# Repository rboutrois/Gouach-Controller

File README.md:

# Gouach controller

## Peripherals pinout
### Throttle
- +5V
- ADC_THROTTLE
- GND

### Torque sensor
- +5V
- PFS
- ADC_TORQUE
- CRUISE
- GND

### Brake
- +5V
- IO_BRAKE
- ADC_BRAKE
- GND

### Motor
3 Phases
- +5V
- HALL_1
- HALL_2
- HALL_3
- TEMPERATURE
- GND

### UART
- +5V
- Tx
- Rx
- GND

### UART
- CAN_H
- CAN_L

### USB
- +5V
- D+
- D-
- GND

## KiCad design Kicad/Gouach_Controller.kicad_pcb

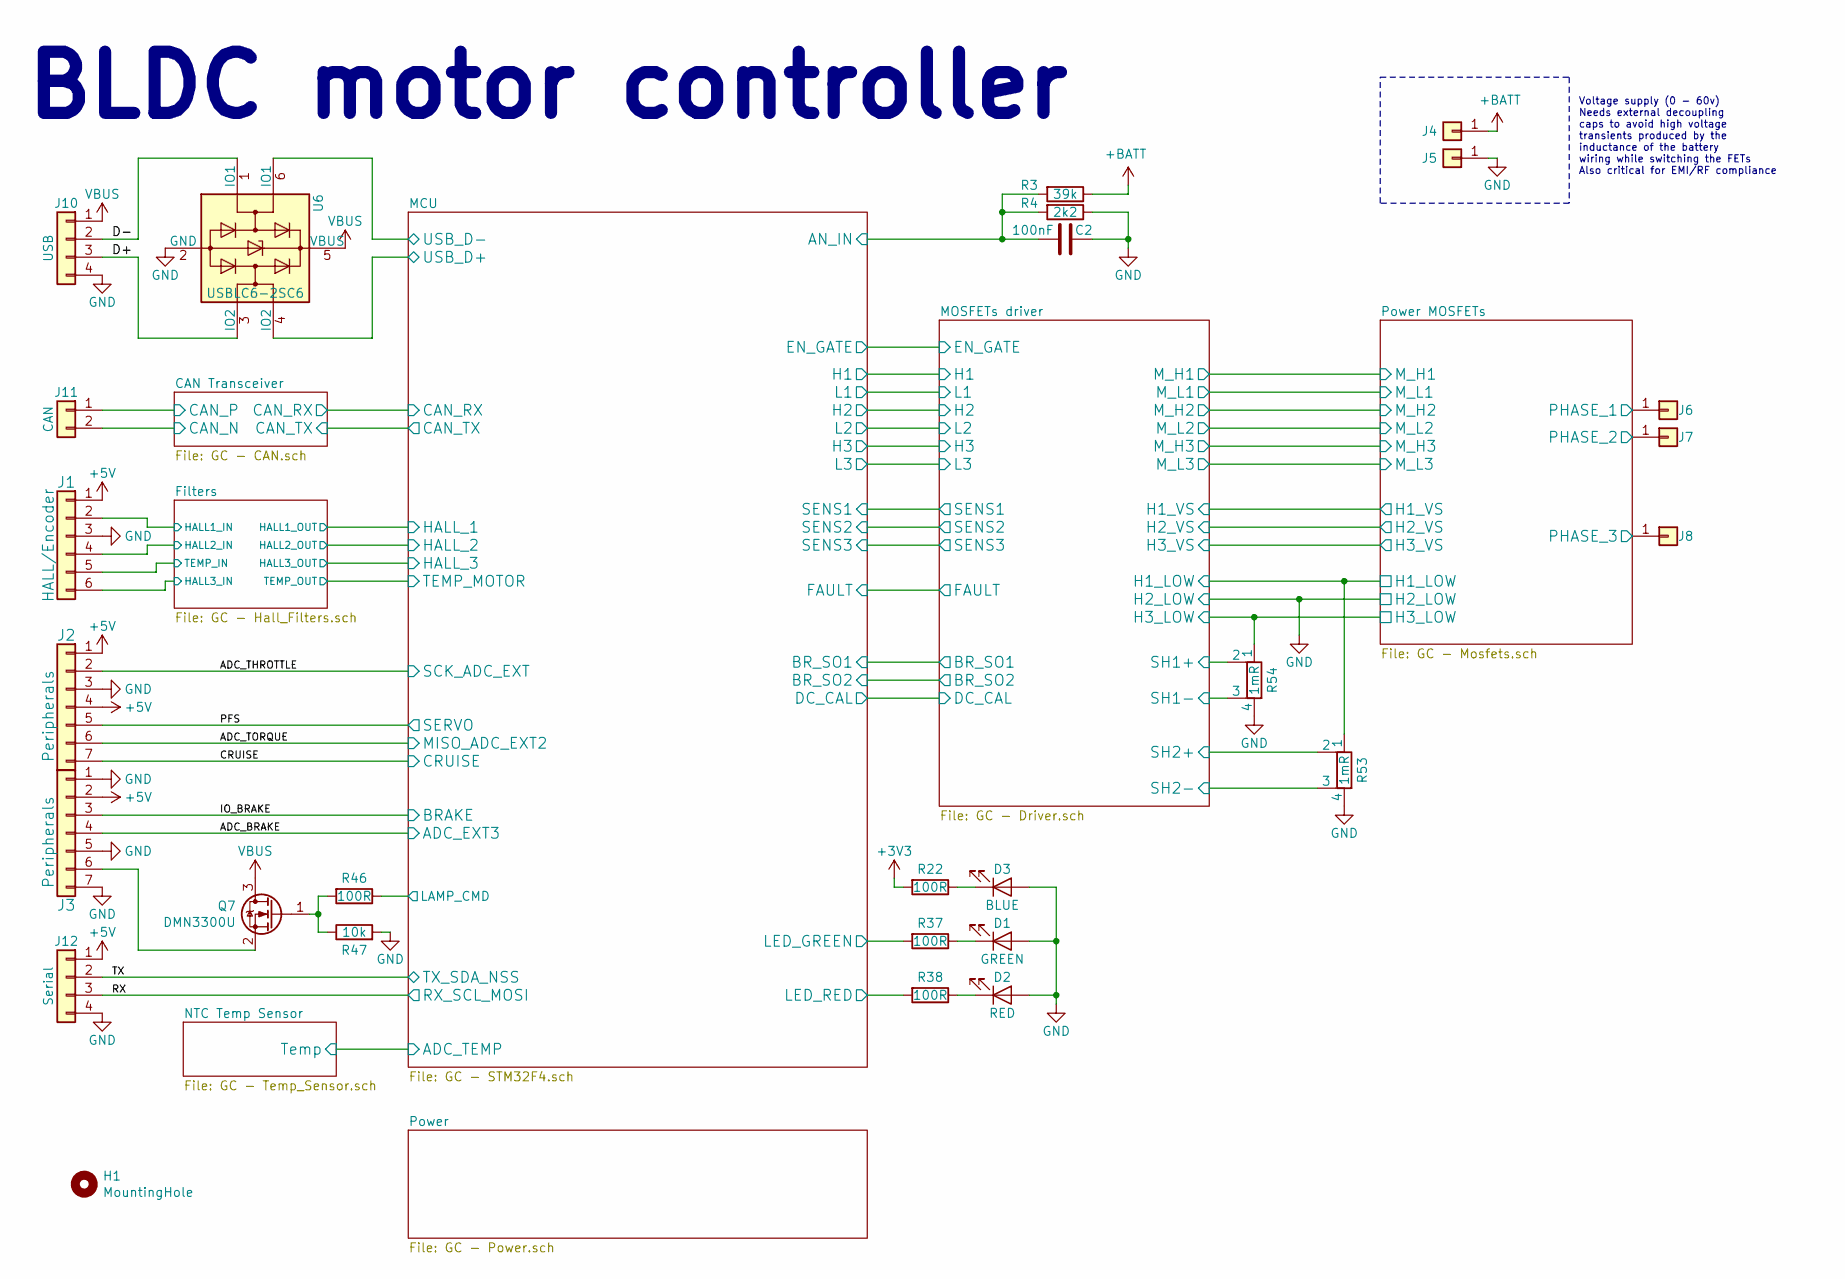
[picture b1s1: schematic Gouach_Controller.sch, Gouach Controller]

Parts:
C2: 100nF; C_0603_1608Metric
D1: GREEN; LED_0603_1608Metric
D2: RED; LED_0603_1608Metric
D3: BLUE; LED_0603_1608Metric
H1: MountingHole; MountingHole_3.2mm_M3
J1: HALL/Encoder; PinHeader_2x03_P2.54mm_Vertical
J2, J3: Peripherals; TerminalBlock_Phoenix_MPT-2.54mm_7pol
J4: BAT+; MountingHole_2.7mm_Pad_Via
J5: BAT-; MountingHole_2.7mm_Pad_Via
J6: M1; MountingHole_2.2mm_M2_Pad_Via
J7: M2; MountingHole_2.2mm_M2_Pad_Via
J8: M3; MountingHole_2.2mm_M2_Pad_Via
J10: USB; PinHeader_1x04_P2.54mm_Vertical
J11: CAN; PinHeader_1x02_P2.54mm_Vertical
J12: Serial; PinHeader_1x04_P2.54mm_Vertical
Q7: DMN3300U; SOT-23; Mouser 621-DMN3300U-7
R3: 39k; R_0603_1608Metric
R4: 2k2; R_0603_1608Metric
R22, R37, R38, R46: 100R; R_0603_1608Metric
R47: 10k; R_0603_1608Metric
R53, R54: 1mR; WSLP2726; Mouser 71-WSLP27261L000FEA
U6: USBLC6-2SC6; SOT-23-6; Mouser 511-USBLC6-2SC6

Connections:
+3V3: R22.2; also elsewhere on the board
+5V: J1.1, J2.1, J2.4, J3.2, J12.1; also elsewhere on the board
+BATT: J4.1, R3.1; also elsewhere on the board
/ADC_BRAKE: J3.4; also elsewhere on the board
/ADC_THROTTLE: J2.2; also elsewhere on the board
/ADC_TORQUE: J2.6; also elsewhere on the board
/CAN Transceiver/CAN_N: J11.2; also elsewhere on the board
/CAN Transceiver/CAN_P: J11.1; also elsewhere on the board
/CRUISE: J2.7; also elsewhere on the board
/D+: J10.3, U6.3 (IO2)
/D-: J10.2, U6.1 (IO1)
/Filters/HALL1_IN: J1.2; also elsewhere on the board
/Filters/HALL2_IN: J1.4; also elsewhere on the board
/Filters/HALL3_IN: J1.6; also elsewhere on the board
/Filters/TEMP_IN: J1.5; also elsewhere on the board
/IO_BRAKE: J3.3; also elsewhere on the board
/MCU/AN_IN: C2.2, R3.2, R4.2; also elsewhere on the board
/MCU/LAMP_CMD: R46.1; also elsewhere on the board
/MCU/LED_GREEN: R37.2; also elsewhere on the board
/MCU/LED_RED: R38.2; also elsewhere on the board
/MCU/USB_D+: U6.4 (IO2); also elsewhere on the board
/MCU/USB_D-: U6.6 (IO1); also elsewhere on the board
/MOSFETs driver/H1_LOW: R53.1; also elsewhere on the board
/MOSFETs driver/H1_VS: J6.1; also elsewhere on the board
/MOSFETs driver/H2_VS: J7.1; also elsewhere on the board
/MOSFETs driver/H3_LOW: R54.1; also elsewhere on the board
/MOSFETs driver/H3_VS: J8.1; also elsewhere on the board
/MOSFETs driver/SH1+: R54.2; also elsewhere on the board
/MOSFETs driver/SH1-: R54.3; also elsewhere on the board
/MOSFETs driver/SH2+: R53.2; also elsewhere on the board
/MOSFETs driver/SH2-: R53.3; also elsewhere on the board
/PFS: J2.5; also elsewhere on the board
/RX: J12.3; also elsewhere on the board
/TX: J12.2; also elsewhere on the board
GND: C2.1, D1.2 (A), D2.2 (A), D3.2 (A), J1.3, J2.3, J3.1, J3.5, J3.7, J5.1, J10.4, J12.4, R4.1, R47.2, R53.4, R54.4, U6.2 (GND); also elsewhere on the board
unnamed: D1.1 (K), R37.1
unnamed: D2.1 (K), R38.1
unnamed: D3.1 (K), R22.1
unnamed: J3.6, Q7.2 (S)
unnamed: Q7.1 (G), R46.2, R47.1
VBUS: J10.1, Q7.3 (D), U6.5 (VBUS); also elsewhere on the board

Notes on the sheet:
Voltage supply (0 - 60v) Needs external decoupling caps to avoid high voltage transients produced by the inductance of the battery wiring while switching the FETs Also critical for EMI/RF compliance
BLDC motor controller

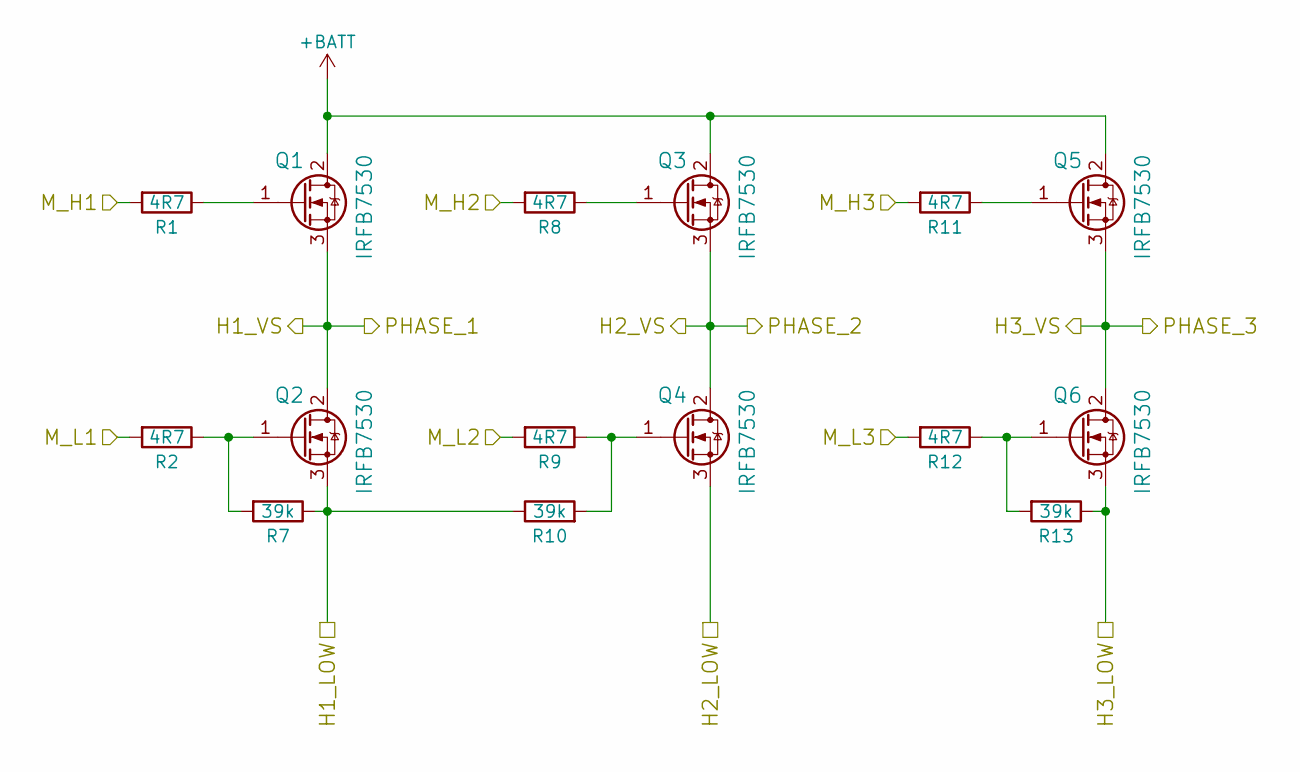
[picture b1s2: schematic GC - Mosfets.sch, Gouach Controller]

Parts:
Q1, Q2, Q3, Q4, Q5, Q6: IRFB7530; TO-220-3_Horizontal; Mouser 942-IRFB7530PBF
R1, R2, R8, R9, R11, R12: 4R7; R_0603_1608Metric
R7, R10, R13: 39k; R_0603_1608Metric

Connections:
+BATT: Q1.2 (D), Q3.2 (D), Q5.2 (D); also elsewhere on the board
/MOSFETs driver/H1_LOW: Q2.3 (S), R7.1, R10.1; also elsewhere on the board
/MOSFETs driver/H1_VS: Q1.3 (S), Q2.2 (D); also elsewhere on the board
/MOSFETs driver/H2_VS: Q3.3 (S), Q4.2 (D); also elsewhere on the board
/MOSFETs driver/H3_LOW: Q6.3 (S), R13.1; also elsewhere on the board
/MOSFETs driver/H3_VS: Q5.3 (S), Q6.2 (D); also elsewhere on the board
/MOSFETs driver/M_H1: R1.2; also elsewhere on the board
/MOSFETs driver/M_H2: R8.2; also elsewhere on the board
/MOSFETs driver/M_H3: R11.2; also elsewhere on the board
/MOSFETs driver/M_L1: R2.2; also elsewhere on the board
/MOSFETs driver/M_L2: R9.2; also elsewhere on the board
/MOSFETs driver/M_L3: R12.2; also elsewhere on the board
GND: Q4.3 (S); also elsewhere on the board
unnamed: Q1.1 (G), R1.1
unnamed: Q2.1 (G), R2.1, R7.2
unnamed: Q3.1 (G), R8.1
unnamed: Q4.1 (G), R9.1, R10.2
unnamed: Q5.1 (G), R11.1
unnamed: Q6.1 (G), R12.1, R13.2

→ **What is expected**:
Exact copy, pictures removed: set down the whole listing above.

→ **Finished task**:
# Repository rboutrois/Gouach-Controller

File README.md:

# Gouach controller

## Peripherals pinout
### Throttle
- +5V
- ADC_THROTTLE
- GND

### Torque sensor
- +5V
- PFS
- ADC_TORQUE
- CRUISE
- GND

### Brake
- +5V
- IO_BRAKE
- ADC_BRAKE
- GND

### Motor
3 Phases
- +5V
- HALL_1
- HALL_2
- HALL_3
- TEMPERATURE
- GND

### UART
- +5V
- Tx
- Rx
- GND

### UART
- CAN_H
- CAN_L

### USB
- +5V
- D+
- D-
- GND

## KiCad design Kicad/Gouach_Controller.kicad_pcb

[picture b1s1: schematic Gouach_Controller.sch, Gouach Controller]

Parts:
C2: 100nF; C_0603_1608Metric
D1: GREEN; LED_0603_1608Metric
D2: RED; LED_0603_1608Metric
D3: BLUE; LED_0603_1608Metric
H1: MountingHole; MountingHole_3.2mm_M3
J1: HALL/Encoder; PinHeader_2x03_P2.54mm_Vertical
J2, J3: Peripherals; TerminalBlock_Phoenix_MPT-2.54mm_7pol
J4: BAT+; MountingHole_2.7mm_Pad_Via
J5: BAT-; MountingHole_2.7mm_Pad_Via
J6: M1; MountingHole_2.2mm_M2_Pad_Via
J7: M2; MountingHole_2.2mm_M2_Pad_Via
J8: M3; MountingHole_2.2mm_M2_Pad_Via
J10: USB; PinHeader_1x04_P2.54mm_Vertical
J11: CAN; PinHeader_1x02_P2.54mm_Vertical
J12: Serial; PinHeader_1x04_P2.54mm_Vertical
Q7: DMN3300U; SOT-23; Mouser 621-DMN3300U-7
R3: 39k; R_0603_1608Metric
R4: 2k2; R_0603_1608Metric
R22, R37, R38, R46: 100R; R_0603_1608Metric
R47: 10k; R_0603_1608Metric
R53, R54: 1mR; WSLP2726; Mouser 71-WSLP27261L000FEA
U6: USBLC6-2SC6; SOT-23-6; Mouser 511-USBLC6-2SC6

Connections:
+3V3: R22.2; also elsewhere on the board
+5V: J1.1, J2.1, J2.4, J3.2, J12.1; also elsewhere on the board
+BATT: J4.1, R3.1; also elsewhere on the board
/ADC_BRAKE: J3.4; also elsewhere on the board
/ADC_THROTTLE: J2.2; also elsewhere on the board
/ADC_TORQUE: J2.6; also elsewhere on the board
/CAN Transceiver/CAN_N: J11.2; also elsewhere on the board
/CAN Transceiver/CAN_P: J11.1; also elsewhere on the board
/CRUISE: J2.7; also elsewhere on the board
/D+: J10.3, U6.3 (IO2)
/D-: J10.2, U6.1 (IO1)
/Filters/HALL1_IN: J1.2; also elsewhere on the board
/Filters/HALL2_IN: J1.4; also elsewhere on the board
/Filters/HALL3_IN: J1.6; also elsewhere on the board
/Filters/TEMP_IN: J1.5; also elsewhere on the board
/IO_BRAKE: J3.3; also elsewhere on the board
/MCU/AN_IN: C2.2, R3.2, R4.2; also elsewhere on the board
/MCU/LAMP_CMD: R46.1; also elsewhere on the board
/MCU/LED_GREEN: R37.2; also elsewhere on the board
/MCU/LED_RED: R38.2; also elsewhere on the board
/MCU/USB_D+: U6.4 (IO2); also elsewhere on the board
/MCU/USB_D-: U6.6 (IO1); also elsewhere on the board
/MOSFETs driver/H1_LOW: R53.1; also elsewhere on the board
/MOSFETs driver/H1_VS: J6.1; also elsewhere on the board
/MOSFETs driver/H2_VS: J7.1; also elsewhere on the board
/MOSFETs driver/H3_LOW: R54.1; also elsewhere on the board
/MOSFETs driver/H3_VS: J8.1; also elsewhere on the board
/MOSFETs driver/SH1+: R54.2; also elsewhere on the board
/MOSFETs driver/SH1-: R54.3; also elsewhere on the board
/MOSFETs driver/SH2+: R53.2; also elsewhere on the board
/MOSFETs driver/SH2-: R53.3; also elsewhere on the board
/PFS: J2.5; also elsewhere on the board
/RX: J12.3; also elsewhere on the board
/TX: J12.2; also elsewhere on the board
GND: C2.1, D1.2 (A), D2.2 (A), D3.2 (A), J1.3, J2.3, J3.1, J3.5, J3.7, J5.1, J10.4, J12.4, R4.1, R47.2, R53.4, R54.4, U6.2 (GND); also elsewhere on the board
unnamed: D1.1 (K), R37.1
unnamed: D2.1 (K), R38.1
unnamed: D3.1 (K), R22.1
unnamed: J3.6, Q7.2 (S)
unnamed: Q7.1 (G), R46.2, R47.1
VBUS: J10.1, Q7.3 (D), U6.5 (VBUS); also elsewhere on the board

Notes on the sheet:
Voltage supply (0 - 60v) Needs external decoupling caps to avoid high voltage transients produced by the inductance of the battery wiring while switching the FETs Also critical for EMI/RF compliance
BLDC motor controller

[picture b1s2: schematic GC - Mosfets.sch, Gouach Controller]

Parts:
Q1, Q2, Q3, Q4, Q5, Q6: IRFB7530; TO-220-3_Horizontal; Mouser 942-IRFB7530PBF
R1, R2, R8, R9, R11, R12: 4R7; R_0603_1608Metric
R7, R10, R13: 39k; R_0603_1608Metric

Connections:
+BATT: Q1.2 (D), Q3.2 (D), Q5.2 (D); also elsewhere on the board
/MOSFETs driver/H1_LOW: Q2.3 (S), R7.1, R10.1; also elsewhere on the board
/MOSFETs driver/H1_VS: Q1.3 (S), Q2.2 (D); also elsewhere on the board
/MOSFETs driver/H2_VS: Q3.3 (S), Q4.2 (D); also elsewhere on the board
/MOSFETs driver/H3_LOW: Q6.3 (S), R13.1; also elsewhere on the board
/MOSFETs driver/H3_VS: Q5.3 (S), Q6.2 (D); also elsewhere on the board
/MOSFETs driver/M_H1: R1.2; also elsewhere on the board
/MOSFETs driver/M_H2: R8.2; also elsewhere on the board
/MOSFETs driver/M_H3: R11.2; also elsewhere on the board
/MOSFETs driver/M_L1: R2.2; also elsewhere on the board
/MOSFETs driver/M_L2: R9.2; also elsewhere on the board
/MOSFETs driver/M_L3: R12.2; also elsewhere on the board
GND: Q4.3 (S); also elsewhere on the board
unnamed: Q1.1 (G), R1.1
unnamed: Q2.1 (G), R2.1, R7.2
unnamed: Q3.1 (G), R8.1
unnamed: Q4.1 (G), R9.1, R10.2
unnamed: Q5.1 (G), R11.1
unnamed: Q6.1 (G), R12.1, R13.2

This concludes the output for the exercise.